The pressure between them builds like the power that swells and flows in his veins, only contained by his Siphons and he wonders. As he looks at her with daring, and raw feeling, and a flicker of something like terror – terror at what’s brewing between them and what might happen when it finally breaks - he wonders just where the limits between them are, where the lines are drawn; wonders if they even exist at all or if, in spite of all her armour and walls, a part of her has already surrendered itself to him, to this.
Without once breaking eye contact with him she growls with lethal calm, “One more step and I’ll kick you again,” he feels his face warm slightly but she doesn’t back down an inch, she only moves in closer, digging those claws deeper into him, “Or maybe,” she says, those eyes glittering with vicious triumph, her hand lightly grazing his thigh, “Maybe I’ll just cut it off.” A smirk,” If I can find anything to cut,” she amends, her lips gleaming and hungry as a blood-soaked blade.
A rich, deep, layered growls thrums from him but it only makes her smile wider.
“Try it,” he snarls at her, “Or,” he lets his voice drop down into a low purr as her body presses flush against his for the first time and he feels the shiver that trembles through her at his change in tone even as his body sings in pleasure at her nearness, at the heat of her, the softness of her slim form so at odds with her sharp tongue.

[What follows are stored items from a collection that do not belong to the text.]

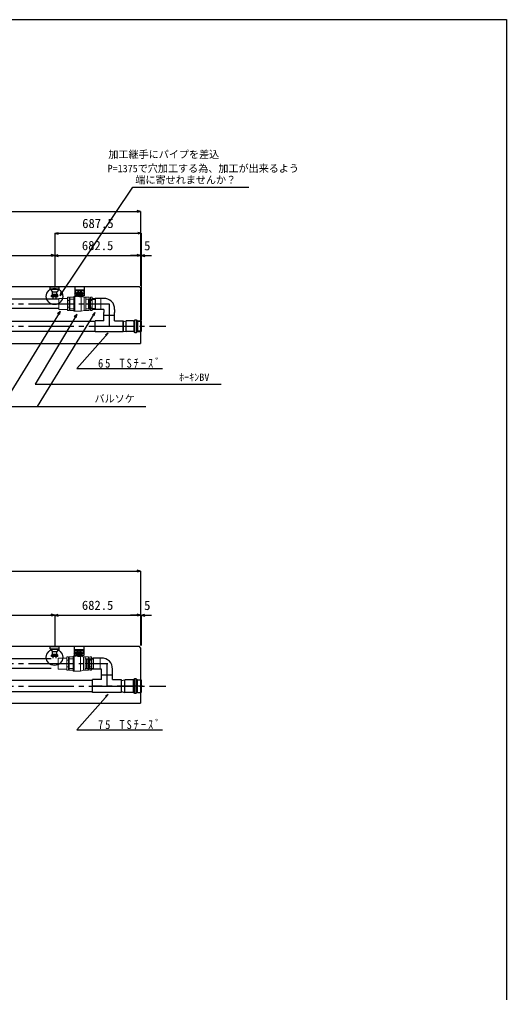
# Model space of a CAD drawing. Units: millimetres, scale not verified. Extents: x -12891 to 18691, y -8159 to 11077.
# Drawn here: x 14824 to 18691, y 318 to 8041 of the extents above; entities that cross this region are included whole.
import ezdxf
from ezdxf.enums import TextEntityAlignment as Align

# ---------------------------------------------------------------- set-up
doc = ezdxf.new("R2010")
doc.units = ezdxf.units.MM
doc.header["$LTSCALE"] = 40
for name, pattern in [('CHAIN1', [8, 5, -1, 1, -1]), ('CHAIN2', [12, 9, -1, 1, -1]), ('DASHED1', [1.8, 1.2, -0.6])]:
    doc.linetypes.add(name, pattern=pattern)
for name, color, linetype in [('1-0', 7, 'Continuous'), ('1-1_製品図', 3, 'Continuous'), ('1-2_HIVP', 4, 'Continuous'), ('1-4', 7, 'Continuous'), ('1-6', 4, 'Continuous'), ('1-C_加工管', 5, 'Continuous'), ('1-D', 3, 'Continuous'), ('1-F', 7, 'Continuous')]:
    doc.layers.add(name, color=color, linetype=linetype)
doc.layers.add('1-B', color=7, linetype='Continuous', lineweight=18)
doc.styles.add('ＭＳ ゴシック', font='')
doc.styles.get('ＭＳ ゴシック').set_extended_font_data('MS Gothic')

msp = doc.modelspace()

# ---------------------------------------------------------------- linework, layer by layer
at = {"layer": '1-1_製品図'}
for p, q in [((15785.97, 5909.57), (15785.97, 5469.57)), ((10295.97, 5469.57), (15785.97, 5469.57)), ((15785.97, 3054.8), (15785.97, 2614.8)), ((10295.97, 2614.8), (15785.97, 2614.8))]:
    msp.add_line(p, q, dxfattribs=at)
at = {"layer": '1-1_製品図', "color": 7, "linetype": 'CHAIN2'}
for p, q in [((10095.97, 5783.57), (15525.97, 5783.57)), ((10095.97, 5605.57), (15985.97, 5605.57)), ((10095.97, 2928.8), (15525.97, 2928.8)), ((10095.97, 2750.8), (15985.97, 2750.8))]:
    msp.add_line(p, q, dxfattribs=at)
at = {"layer": '1-1_製品図'}
for points in [[(15785.97, 5909.57), (15775.97, 5919.57), (10305.97, 5919.57)], [(15785.97, 3054.8), (15775.97, 3064.8), (10305.97, 3064.8)]]:
    msp.add_lwpolyline(points, dxfattribs=at)
at = {"layer": '1-2_HIVP'}
for p, q in [((15136.37, 5821.57), (10193.97, 5821.57)), ((15136.37, 5745.57), (10193.97, 5745.57)), ((15425.97, 5643.57), (10202.97, 5643.57)), ((10202.97, 5567.57), (15425.97, 5567.57)), ((15074.47, 2966.8), (10193.97, 2966.8)), ((15074.47, 2890.8), (10193.97, 2890.8)), ((15404.97, 2795.3), (10200.97, 2795.3)), ((10200.97, 2706.3), (15404.97, 2706.3))]:
    msp.add_line(p, q, dxfattribs=at)
at = {"layer": '1-4'}
for p, q in [((15068.47, 5899.57), (15068.47, 5919.57)), ((15068.47, 5919.57), (15138.47, 5919.57)), ((15068.47, 5899.57), (15085.97, 5879.57)), ((15068.47, 5899.57), (15138.47, 5899.57)), ((15085.97, 5859.57), (15085.97, 5879.57)), ((15085.97, 5879.57), (15120.97, 5879.57)), ((15138.47, 5899.57), (15120.97, 5879.57)), ((15120.97, 5859.57), (15120.97, 5879.57)), ((15138.47, 5899.57), (15138.47, 5919.57)), ((15085.97, 5859.57), (15078.47, 5849.57)), ((15078.47, 5849.57), (15128.47, 5849.57)), ((15085.97, 5859.57), (15120.97, 5859.57)), ((15092.47, 5827.07), (15092.47, 5839.57)), ((15114.47, 5827.07), (15114.47, 5839.57)), ((15120.97, 5859.57), (15128.47, 5849.57)), ((15128.47, 5839.57), (15128.47, 5849.57)), ((15068.47, 3044.8), (15068.47, 3064.8)), ((15068.47, 3064.8), (15138.47, 3064.8)), ((15068.47, 3044.8), (15085.97, 3024.8)), ((15068.47, 3044.8), (15138.47, 3044.8)), ((15085.97, 3004.8), (15085.97, 3024.8)), ((15085.97, 3024.8), (15120.97, 3024.8)), ((15138.47, 3044.8), (15120.97, 3024.8)), ((15120.97, 3004.8), (15120.97, 3024.8)), ((15138.47, 3044.8), (15138.47, 3064.8)), ((15085.97, 3004.8), (15078.47, 2994.8)), ((15078.47, 2994.8), (15128.47, 2994.8)), ((15085.97, 3004.8), (15120.97, 3004.8)), ((15092.47, 2972.3), (15092.47, 2984.8)), ((15114.47, 2972.3), (15114.47, 2984.8)), ((15120.97, 3004.8), (15128.47, 2994.8)), ((15128.47, 2984.8), (15128.47, 2994.8))]:
    msp.add_line(p, q, dxfattribs=at)
for points in [[(15128.47, 5839.57), (15078.47, 5839.57), (15078.47, 5849.57)], [(15128.47, 2984.8), (15078.47, 2984.8), (15078.47, 2994.8)]]:
    msp.add_lwpolyline(points, dxfattribs=at)
at = {"layer": '1-6'}
for p, q in [((10295.97, 6516.97), (15785.97, 6516.97)), ((15785.97, 6516.97), (15758.92, 6524.21)), ((15785.97, 6516.97), (15758.92, 6509.72)), ((15785.97, 6516.97), (15785.97, 6167.91)), ((13728.47, 6167.91), (15103.47, 6167.91)), ((15103.47, 6167.91), (15076.42, 6175.16)), ((15103.47, 6167.91), (15076.42, 6160.67)), ((15103.47, 6167.91), (15130.51, 6175.16)), ((15103.47, 6167.91), (15103.47, 5926.27)), ((15103.47, 6167.91), (15785.97, 6167.91)), ((15103.47, 6167.91), (15130.51, 6160.67)), ((15785.97, 6167.91), (15705.97, 6167.91)), ((15785.97, 6167.91), (15758.92, 6175.16)), ((15785.97, 6167.91), (15758.92, 6175.16)), ((15785.97, 6167.91), (15758.92, 6160.67)), ((15785.97, 6167.91), (15758.92, 6160.67)), ((15785.97, 6167.91), (15785.97, 5926.27)), ((15785.97, 6167.91), (15790.97, 6167.91)), ((15785.97, 6167.91), (15785.97, 5926.27)), ((15790.97, 6167.91), (15818.01, 6175.16)), ((15790.97, 6167.91), (15870.97, 6167.91)), ((15790.97, 6167.91), (15818.01, 6160.67)), ((15790.97, 6167.91), (15790.97, 5926.27)), ((10295.97, 3662.19), (15785.97, 3662.19)), ((15785.97, 3662.19), (15758.92, 3669.44)), ((15785.97, 3662.19), (15758.92, 3654.94)), ((15785.97, 3662.19), (15785.97, 3313.14)), ((13728.47, 3313.14), (15103.47, 3313.14)), ((15103.47, 3313.14), (15076.42, 3320.39)), ((15103.47, 3313.14), (15076.42, 3305.89)), ((15103.47, 3313.14), (15130.51, 3320.39)), ((15103.47, 3313.14), (15103.47, 3071.5)), ((15103.47, 3313.14), (15785.97, 3313.14)), ((15103.47, 3313.14), (15130.51, 3305.89)), ((15785.97, 3313.14), (15705.97, 3313.14)), ((15785.97, 3313.14), (15758.92, 3320.39)), ((15785.97, 3313.14), (15758.92, 3320.39)), ((15785.97, 3313.14), (15758.92, 3305.89)), ((15785.97, 3313.14), (15758.92, 3305.89)), ((15785.97, 3313.14), (15785.97, 3071.5)), ((15785.97, 3313.14), (15790.97, 3313.14)), ((15785.97, 3313.14), (15785.97, 3071.5)), ((15790.97, 3313.14), (15818.01, 3320.39)), ((15790.97, 3313.14), (15870.97, 3313.14)), ((15790.97, 3313.14), (15818.01, 3305.89)), ((15790.97, 3313.14), (15790.97, 3071.5))]:
    msp.add_line(p, q, dxfattribs=at)
at = {"layer": '1-B'}
for p, q in [((15277.37, 5873.87), (15325.37, 5873.87)), ((15293.37, 5888.57), (15293.37, 5885.87)), ((15293.37, 5888.57), (15309.37, 5888.57)), ((15294.44, 5885.87), (15294.44, 5873.87)), ((15294.45, 5888.57), (15294.45, 5885.87)), ((15308.28, 5888.57), (15308.28, 5885.87)), ((15308.29, 5885.87), (15308.29, 5873.87)), ((15309.37, 5888.57), (15309.37, 5885.87)), ((15315.22, 5885.87), (15315.22, 5874.71)), ((15327.37, 5860.87), (15325.37, 5873.87)), ((15205.37, 5836.07), (15219.37, 5836.07)), ((15205.37, 5731.07), (15205.37, 5836.07)), ((15205.37, 5809.82), (15219.37, 5809.82)), ((15219.37, 5836.07), (15219.37, 5731.07)), ((15219.37, 5821.74), (15224.87, 5821.57)), ((15220.73, 5745.44), (15220.73, 5821.7)), ((15223.04, 5745.51), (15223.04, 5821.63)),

Leaning down he grazes his lips gently against her neck and places his next words onto her skin like an intimate tattoo, “I can spend a very long time telling you with my hands and my lips and my tongue and my teeth why that would be a mistake, Nesta.”
He wraps his breath around her name like a prayer, like the first word ever spoken and the last that would leave his lips with his dying gasp.
Her eyes flutter closed, her body breathless and adrift against the solid anchor of him.
Then her eyes snap open and her voice is a soft, rich caress that makes him ache for her, “Later perhaps,” she says and that steely ice replaces the lust filled fire that had burned within her only a moment before; her voice now hard and sharp once more, “When you find your balls again and might be worth my time.”
With that she peels herself from him, his body crying out in protest at the sudden loss of contact and walks away from him, cool and unfeeling as a winter breeze with an air that suggests she knows full well he’s watching every single step she takes, unable to look away from the sight of her leaving him hanging once more.
Just the lingering scent of her clinging to his clothes, to his lungs, to his being, hovering around him like a lingering haze of pipe smoke, snaring every sense and intoxicating every fibre of him, is enough to drive him wild and she knows it. Curse her she knows it.
The sound of Mor clicking her tongue behind him recalls him to his surroundings and makes him turn to face her.
“You,” she observes with grim amusement, her eyes on the door Nesta had just stalked through, leaving them alone on the balcony, “Are beyond fucked.”
And he was. Cauldron damn him he was.